Handschriftenausstellung 2017

Biegen und Brechen – (Hand-)Schriften der Gotik

Von den 1000 mittelalterlichen Handschriften, die im Benediktinerstift Admont verwahrt werden und die zu einem Teil auch hier entstanden sind, stammt der Großteil aus der Zeit der Gotik. Im Admonter Skriptorium wird die Gotisierung der karolingischen Minuskel am Ende des 12. Jahrhunderts sichtbar. Diese Schrift, die seit der Zeit Karls des Großen über fast vier Jahrhunderte in ganz Europa in Gebrauch war, verändert sich allmählich. Die Schreiber beginnen die Buchstaben zu „biegen“ und verwenden in den kalligraphischen Schriften zunehmend die „gebrochene“ gotische Textura.

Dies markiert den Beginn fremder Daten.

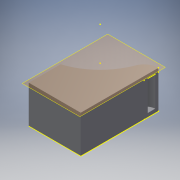
# Autodesk Inventor part: guide
Saved by Autodesk Inventor 2016 (Build 200138000, 138)
## iProperties
Created: 2016-01-18
Part Number: guide
Material: Generic
Document SubType Name: Modeling
Designer: Erwin Ried
Density: 1 g/cm^3
Appearance: Default
Author: Erwin Ried
Autodesk Inventor part; units mm, degrees
ref_plane "YZ Plane" through (0, 0, 0) normal (1, 0, 0) x (0, 1, 0)
ref_plane "XZ Plane" through (0, 0, 0) normal (0, 1, 0) x (-1, 0, 0)
ref_plane "XY Plane" through (0, 0, 0) normal (0, 0, 1) x (1, 0, 0)
ref_plane "Work Plane1" through (0, 0, 0) normal (0, 0, 1) x (1, 0, 0)
sketch "Sketch1" plane through (0, 0, 0) normal (0, 0, 1) x (1, 0, 0)
  line L0 (-27.74, -41.4747) -> (0, -41.4747)
  arc A0 (-27.74, -24.4747) -> (-7.389, -5.4576) centre (-37.6712, 6.5509) ccw
  arc A1 (0, 0) -> (-7.389, -5.4576) centre (-0.0343, -7.6843) ccw
  line L1 (0, 0) -> (0, -41.4747)
  line L2 (-27.74, -24.4747) -> (-27.74, -41.4747)
  constraints: 6 end point, 4 point on circle, 2 centre point, 1 horizontal, 1 parallel, 1 perpendicular, 3 other
extrude "Extrusion1" add sketch "Sketch1" against normal blind 20
sketch "Sketch2" plane through (0, 0, 0) normal (1, 0, 0) x (0, 0, -1)
  point P0 (0, 0)
shell "Shell1" thickness 2 removed faces 1 at (-27.74, -30.1414, -6.6667)
sketch "Sketch3" plane through (0, 0, 0) normal (1, 0, 0) x (0, 0, -1)
  line L0 (1.5487, -2.9607) -> (1.5603, -2.908) projected
  line L1 (1.5603, -2.908) -> (1.6355, -2.6468) projected
  line L2 (1.6355, -2.6468) -> (1.7427, -2.3861) projected
  line L3 (1.7427, -2.3861) -> (1.7557, -2.3596) projected
  line L4 (1.7557, -2.3596) -> (1.8896, -2.12) projected
  line L5 (1.8896, -2.12) -> (1.9914, -1.9634) projected
  line L6 (1.9914, -1.9634) -> (2.0599, -1.8668) projected
  line L7 (2.0599, -1.8668) -> (2.2163, -1.6705) projected
  line L8 (2.2163, -1.6705) -> (2.2384, -1.6452) projected
  line L9 (2.2384, -1.6452) -> (2.4301, -1.4489) projected
  line L10 (2.4301, -1.4489) -> (2.5857, -1.304) projected
  line L11 (2.5857, -1.304) -> (2.6284, -1.2661) projected
  line L12 (2.6284, -1.2661) -> (2.7517, -1.1606) projected
  line L13 (2.7517, -1.1606) -> (2.8143, -1.1094) projected
  line L14 (2.8143, -1.1094) -> (2.9296, -1.0186) projected
  line L15 (2.9296, -1.0186) -> (2.9933, -0.9699) projected
  line L16 (2.9933, -0.9699) -> (3.1154, -0.8782) projected
  line L17 (3.1154, -0.8782) -> (3.166, -0.8406) projected
  line L18 (3.166, -0.8406) -> (3.3051, -0.7395) projected
  line L19 (3.3051, -0.7395) -> (3.3348, -0.7182) projected
  line L20 (3.3348, -0.7182) -> (3.5, -0.6024) projected
  line L21 (3.5, -0.6024) -> (16.5, -0.6024) projected
  line L22 (16.5, -0.6024) -> (16.6509, -0.7063) projected
  line L23 (16.6509, -0.7063) -> (16.798, -0.8118) projected
  line L24 (16.798, -0.8118) -> (16.8324, -0.8371) projected
  line L25 (16.8324, -0.8371) -> (16.9413, -0.9188) projected
  line L26 (16.9413, -0.9188) -> (17.0058, -0.9683) projected
  line L27 (17.0058, -0.9683) -> (17.0809, -1.0271) projected
  line L28 (17.0809, -1.0271) -> (17.185, -1.1098) projected
  line L29 (17.185, -1.1098) -> (17.2176, -1.1363) projected
  line L30 (17.2176, -1.1363) -> (17.3504, -1.247) projected
  line L31 (17.3504, -1.247) -> (17.372, -1.2657) projected
  line L32 (17.372, -1.2657) -> (17.4776, -1.3607) projected
  line L33 (17.4776, -1.3607) -> (17.569, -1.4485) projected
  line L34 (17.569, -1.4485) -> (17.5985, -1.4777) projected
  line L35 (17.5985, -1.4777) -> (17.7841, -1.6747) projected
  line L36 (17.7841, -1.6747) -> (17.8234, -1.7202) projected
  line L37 (17.8234, -1.7202) -> (17.9262, -1.8486) projected
  line L38 (17.9262, -1.8486) -> (18.0068, -1.9599) projected
  line L39 (18.0068, -1.9599) -> (18.0235, -1.9841) projected
  line L40 (18.0235, -1.9841) -> (18.1149, -2.1252) projected
  line L41 (18.1149, -2.1252) -> (18.1977, -2.2689) projected
  line L42 (18.1977, -2.2689) -> (18.2436, -2.3579) projected
  line L43 (18.2436, -2.3579) -> (18.2696, -2.4125) projected
  line L44 (18.2696, -2.4125) -> (18.3312, -2.5574) projected
  line L45 (18.3312, -2.5574) -> (18.4255, -2.8495) projected
  line L46 (18.4255, -2.8495) -> (18.4521, -2.9635) projected
  line L47 (18.4521, -2.9635) -> (18.4818, -3.1403) projected
  line L48 (18.4818, -3.1403) -> (18.5, -3.4308) projected
  line L49 (18.5, -5.7085) -> (18.5, -3.4308) projected
  line L50 (18.5, -5.7085) -> (20, -5.7085) projected
  line L51 (20, -5.7085) -> (20, 0) projected
  line L52 (0, 0) -> (20, 0) projected
  line L53 (0, -5.7085) -> (0, 0) projected
  line L54 (0, -5.7085) -> (1.5, -5.7085) projected
  line L55 (1.5, -5.7085) -> (1.5, -3.4308) projected
  line L56 (1.5, -3.4308) -> (1.5149, -3.1693) projected
  line L57 (1.5149, -3.1693) -> (1.5487, -2.9607) projected
  line L58 (0, -5.7085) -> (20, -5.7085)
  line L59 (0, -5.4576) -> (20, -5.4576) projected
  line L60 (2, -9.7085) -> (18, -9.7085)
  line L61 (18, -9.7085) -> (18, -1.7085)
  line L62 (18, -1.7085) -> (2, -1.7085)
  line L63 (2, -1.7085) -> (2, -9.7085)
  line L64 (2, -9.7085) -> (18, -1.7085) construction
  line L65 (18, -9.7085) -> (2, -1.7085) construction
  line L66 (18, -6.1101) -> (18, -2.3506) projected
  line L67 (2, -1.7085) -> (18, -1.7085)
  line L68 (18, -1.7085) -> (18, -5.7085)
  line L69 (18, -5.7085) -> (2, -5.7085)
  line L70 (2, -5.7085) -> (2, -1.7085)
  point P0 (10, -5.7085)
  dimension "d6" = 8
  constraints: 22 end point, 5 parallel, 3 midpoint, 2 perpendicular, 2 point on line, 1 horizontal
  measures "d6" distance of L61.end L60.end
extrude "Extrusion2" cut sketch "Sketch3" against normal blind 2 contours L63 L6 L7 L62 L36 L37 L38 L61 L59 | L59 L61 L58 L63 | L63 L62 L7 L6 | L38 L37 L36 L62 L61
sketch "Sketch4" plane through (-14.2142, -39.4747, -2) normal (0, 0, -1) x (-1, 0, 0)
  point P0 (-14.2142, 39.4747)
sketch "Sketch5" plane through (-14.2142, -39.4747, -2) normal (0, 0, -1) x (-1, 0, 0)
  line L0 (13.5258, 0) -> (-12.2142, 0) projected
  line L1 (13.5258, 12.9062) -> (13.5258, 0) projected
  arc A0 (-8.7179, 33.3646) -> (13.5258, 12.9062) centre (23.4569, 46.0256) ccw projected
  arc A1 (-8.7179, 33.3646) -> (-12.2142, 37.1241) centre (-14.1799, 31.7904) ccw projected
  line L2 (-12.2142, 37.1241) -> (-12.2142, 37.7662) projected
  line L3 (-14.2142, 37.7662) -> (-12.2142, 37.7662) projected
  line L4 (-14.2142, 33.7662) -> (-14.2142, 37.7662) projected
  line L5 (-14.2142, 33.7662) -> (-12.2142, 33.7662) projected
  line L6 (-12.2142, 0) -> (-12.2142, 33.7662) projected
  point P0 (-14.2142, 39.4747)
fillet "Fillet1" radius 3 1 edges at (-2, -2.3506, -10)
fillet "Fillet2" radius 5.5 2 edges at (-2, -1.7085, -10) (-2, -1.7085, -2)
fillet "Fillet5" [suppressed]
sketch "Sketch6" plane through (-27.74, -39.4747, -18) normal (0, 0, 1) x (1, 0, 0)
  line L0 (0, 0) -> (25.74, 0) projected
  line L1 (0, 0) -> (0, 12.9062) projected
  line L2 (0, 1) -> (-44, 1) projected
  arc A0 (11.0973, 0) -> (14.6461, 2.1546) centre (11.0973, 4) ccw projected
  line L3 (0, 1) -> (11.0973, 0)
  line L4 (11.0973, 0) -> (0, 0)
  point P0 (27.74, 39.4747)
  point P1 (0, 10.8234)
  constraints: 4 end point, 1 parallel, 1 tangent
extrude "Extrusion3" add sketch "Sketch6" along normal blind 16
sketch "Sketch8" plane through (0, 0, -20) normal (0, 0, -1) x (-1, 0, 0)
  line L0 (0, -41.4747) -> (27.74, -41.4747) projected
  line L1 (27.74, -41.4747) -> (27.74, -24.4747) projected
  arc A0 (7.389, -5.4576) -> (27.74, -24.4747) centre (37.6712, 6.5509) ccw projected
  arc A1 (7.389, -5.4576) -> (0, 0) centre (0.0343, -7.6843) ccw projected
  line L2 (0, 0) -> (0, -41.4747) projected
body "Solid1"

Die Handschriftenausstellung 2017 dokumentiert die Entwicklung der Schrift von der karolingischen Minuskel zu den neuen gotischen Buchschriften wie Textura, Bastarda und Kursive sowie die Layouts von gotischen Handschriften mit neuen illustrativen Elementen. Schrift- und Bildgestaltung der gotischen Buchkultur werden anhand von Admonter Handschriften und Fragmenten präsentiert. Die ebenfalls ausgestellten ersten Lehrbücher der Schriftgeschichte zeigen die Beschäftigung mit der Entwicklung des Schreibens seit dem 17. Jahrhundert.